I think they respond to that. I see the process of trying to write,
of trying to make any kind of art—it’s terribly naive
for everybody, but it’s also quite a beautiful thing. I want
to, as a teacher and as a writer, to inspire people in that direction.
In my view of things, this is the era in which artists have to step
up and play the role that traditionally the church did and religion
did in terms of awakening people’s compassion and their mercy
in saying, “This is it. This species is headed for the crapper,
and if artists don’t rise up and start speaking about it forcefully
in a way which reaches lots of people, not just the little cloistered
chorus that’s already there for us, we’re fucked.”
So I adopt that kind of hard-core attitude in my teaching. I think
you have to be very kind to them because they are being naive. Of
course they have no idea how difficult it’s going to be. That’s
experiential. They do know that something inside them is excited.

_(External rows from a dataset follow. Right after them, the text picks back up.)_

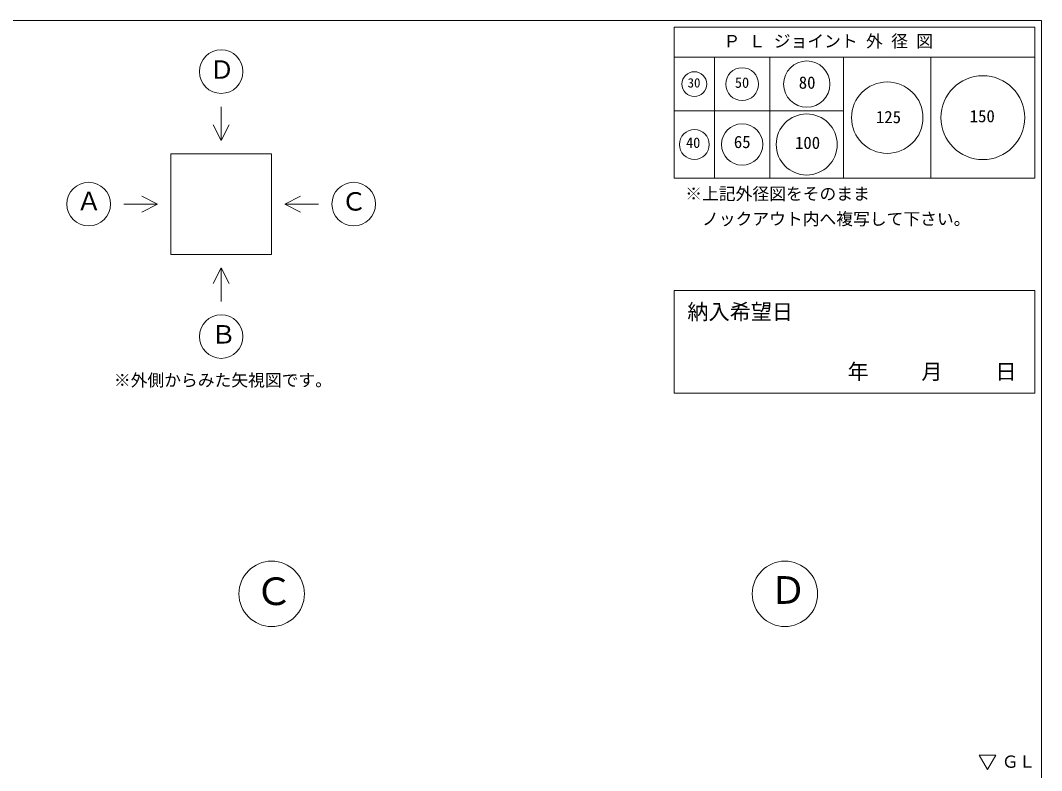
# Model space of a CAD drawing. Units: millimetres, scale not verified. Extents: x -4890 to 18490, y -2301 to 2302.
# Drawn here: x 1846 to 4890, y 64 to 2302 of the extents above; entities that cross this region are included whole.
import ezdxf
from ezdxf.enums import TextEntityAlignment as Align

# ---------------------------------------------------------------- set-up
doc = ezdxf.new("R2010")
doc.units = ezdxf.units.MM
doc.header["$LTSCALE"] = 10
for name, color, linetype, lineweight in [('0-2_waku', 7, 'Continuous', 18), ('0-3_gaikei', 7, 'Continuous', 18), ('0-7_hole', 7, 'Continuous', 18), ('0-D_文字１', 7, 'Continuous', 18)]:
    doc.layers.add(name, color=color, linetype=linetype, lineweight=lineweight)
doc.styles.add('ＭＳ ゴシック', font='')
doc.styles.get('ＭＳ ゴシック').set_extended_font_data('MS Gothic')

msp = doc.modelspace()

# ---------------------------------------------------------------- linework, layer by layer
at = {"layer": '0-2_waku'}
for p, q in [((-1230, 2301.53), (4890, 2301.53)), ((4890, 2301.53), (4890, -1973.47)), ((4890, 2301.53), (4890, -1973.47)), ((3795, 2281.53), (3795, 1831.53)), ((3795, 2281.53), (4870, 2281.53)), ((3795, 2281.53), (4870, 2281.53)), ((3795, 2281.53), (4870, 2281.53)), ((3795, 2281.53), (3795, 1831.53)), ((3795, 2281.53), (4870, 2281.53)), ((3795, 2281.53), (4870, 2281.53)), ((3795, 2281.53), (4870, 2281.53)), ((4870, 2281.53), (4870, 1831.53)), ((4870, 2281.53), (4870, 1831.53)), ((3795, 2191.53), (4870, 2191.53)), ((3915, 2191.53), (3915, 1831.53)), ((4080, 2191.53), (4080, 1831.53)), ((4300, 2191.53), (4300, 1831.53)), ((4560, 2191.53), (4560, 1831.53)), ((3795, 2031.53), (4300, 2031.53)), ((3795, 1831.53), (4870, 1831.53)), ((3795, 1831.53), (4870, 1831.53)), ((3795, 1496.24), (3795, 1189.53)), ((3795, 1496.24), (4870, 1496.24)), ((4870, 1496.24), (4870, 1189.53)), ((3795, 1189.53), (4870, 1189.53))]:
    msp.add_line(p, q, dxfattribs=at)
at = {"layer": '0-3_gaikei'}
for p, q in [((2444.61, 2043.75), (2444.61, 1943.75)), ((2444.61, 1943.75), (2420.48, 1990.13)), ((2444.61, 1943.75), (2468.73, 1990.13)), ((2294.61, 1903.75), (2594.61, 1903.75)), ((2294.61, 1903.75), (2294.61, 1603.75)), ((2594.61, 1903.75), (2594.61, 1603.75)), ((2254.61, 1753.75), (2208.23, 1777.88)), ((2634.61, 1753.75), (2680.98, 1777.88)), ((2154.61, 1753.75), (2254.61, 1753.75)), ((2254.61, 1753.75), (2208.23, 1729.63)), ((2294.61, 1603.75), (2594.61, 1603.75)), ((2444.61, 1563.75), (2420.48, 1517.38)), ((2444.61, 1563.75), (2468.73, 1517.38)), ((2444.61, 1463.75), (2444.61, 1563.75))]:
    msp.add_line(p, q, dxfattribs=at)
msp.add_lwpolyline([(2734.61, 1753.75), (2634.61, 1753.75), (2680.98, 1729.63)], dxfattribs=at)
for centre, radius in [((2444.61, 2148.75), 65), ((2049.61, 1753.75), 65), ((2839.61, 1753.75), 65), ((2444.61, 1358.75), 65), ((2595, 591.53), 97.5), ((4125, 591.53), 97.5)]:
    msp.add_circle(centre, radius, dxfattribs=at)
at = {"layer": '0-7_hole'}
for centre, radius in [((4190, 2111.53), 69), ((3855, 2111.53), 37), ((3997.5, 2111.53), 49), ((4715, 2011.53), 125), ((4430, 2011.53), 106.5), ((4190, 1931.53), 91), ((3997.5, 1931.53), 61.5), ((3855, 1931.53), 44.5)]:
    msp.add_circle(centre, radius, dxfattribs=at)
at = {"layer": '0-D_文字１'}
for p, q in [((4728.74, 67.29), (4703.54, 110.23)), ((4703.54, 110.23), (4753.94, 110.23)), ((4728.74, 67.29), (4753.94, 110.23))]:
    msp.add_line(p, q, dxfattribs=at)

# ---------------------------------------------------------------- texts
at = {"layer": '0-7_hole', "style": 'ＭＳ ゴシック'}
for s, height, p in [('50', 31.16, (3975.91, 2091.19)), ('80', 36.66, (4166.18, 2086.85)), ('30', 28.04, (3834.95, 2093)), ('125', 36.66, (4396.28, 1984.11)), ('150', 36.66, (4675.81, 1986.76)), ('40', 31.16, (3830.27, 1911.94)), ('65', 36.66, (3972.72, 1909.81)), ('100', 36.66, (4155.05, 1907.35))]:
    msp.add_text(s, height=height, dxfattribs=at).set_placement(p, align=Align.BOTTOM_LEFT)
at = {"layer": '0-D_文字１', "style": 'ＭＳ ゴシック'}
for s, height, p in [('Ｐ Ｌ ジョイント 外 径 図', 36.66, (3941.92, 2210.35)), ('Ｄ', 54.99, (2409.2, 2110.96)), ('※上記外径図をそのまま', 36.66, (3827.95, 1755.34)), ('Ａ', 54.99, (2013, 1718.82)), ('Ｃ', 54.99, (2802.78, 1717.8)), ('\u3000ノックアウト内へ複写して下さい。', 36.66, (3827.95, 1680.34)), ('納入希望日', 46.19, (3834.18, 1395.76)), ('Ｂ', 54.99, (2413.95, 1321.34)), ('\u3000\u3000\u3000年     月     日', 46.19, (4122.89, 1217.31)), ('※外側からみた矢視図です。', 36.66, (2124.81, 1199.39)), ('Ｃ', 82.48, (2545, 533.18)), ('Ｄ', 82.48, (4077.8, 536.9)), ('ＧＬ', 36.66, (4771.54, 61.74))]:
    msp.add_text(s, height=height, dxfattribs=at).set_placement(p, align=Align.BOTTOM_LEFT)

doc.saveas('drawing.dxf')
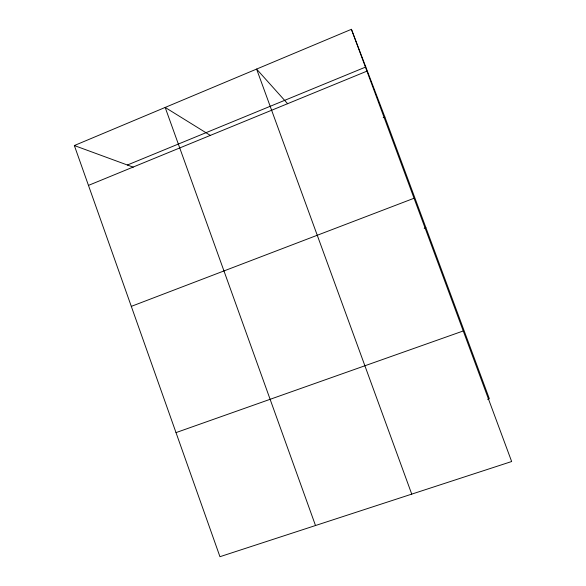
<?xml version="1.0" encoding="UTF-8"?>
<svg xmlns="http://www.w3.org/2000/svg" width="586" height="586" viewBox="0 0 586 586"><rect width="100%" height="100%" fill="white"/><g stroke="black" fill="none" stroke-linecap="round" stroke-linejoin="round"><path stroke-width="0.88" d="M351.417 29.3L511.651 461.526L219.955 556.7L74.349 145.54L351.417 29.3L384.885 117.032L489.332 398.736L487.603 399.33M127.389 165.01L365.796 66.994M88.464 185.396L366.931 71.155M383.185 117.705L384.885 117.032M131.308 306.368L414.053 198.251M424.205 228.306L425.905 227.668M176.012 432.607L463.248 330.965M74.349 145.54L133.271 167.171M210.528 135.534L165.171 107.436L315.502 525.525M287.653 103.729L256.595 69.082L411.746 494.123"/></g></svg>

Some flame has been lit. I believe if it’s there, in really
trying to foster it. Because even if they are not going to be great
writers—and they can’t all be —at least they’ll
be good readers. At least they’ll understand that art is trying
to move people and that’s an important goal in itself.
RB: Are you suggesting that arts and writers
are morally superior?
SA:
No. I don’t think so. I wish they were. Because in my idealization
of art I view someone like Saul Bellow— who is capable of
writing such beautiful, compassionate, deeply empathetic works,
so insightful and so merciful—I actually assume that if they
are conscious enough to do that then they are good to the people
around them. That’s a bunch of crap. It’s a bunch of
nonsense. Not just in Bellow’s case, but in many people’s
cases. I don’t think they are morally superior, but I think
when they are good as writers, in the moment that they are creating,
they are exquisitely human and in a way that is Christly. That is,
they love their characters unconditionally and not for their nobility
and good deeds but for their inequity, their wickedness and they
are totally unjudgmental in the best moments. They love their characters
and that love is transmitted to the reader. And that’s my
definition of good art in general. You see a beautiful Goya painting
you know Goya was in that place and knew what those characters were
experiencing, whether it’s Saturn eating his children or the
guy standing there in the middle of the Third of May about to be
shot. You are there. So I don’t think they are morally superior,
but I think the act of creation in deciding to do that is a damned
wonderful thing to do. I know a lot of people get down on MFA programs
and are very cynical about them. Fuck these steel tariffs and these
fucking welfare states that Bush has created for businessmen. Those
are the people whose values I think are truly iniquitous, keeping
score with money and material goods because you are too frightened
of the other stuff.
RB: The basis of the criticism of MFA programs
is mostly from inside the literary planet.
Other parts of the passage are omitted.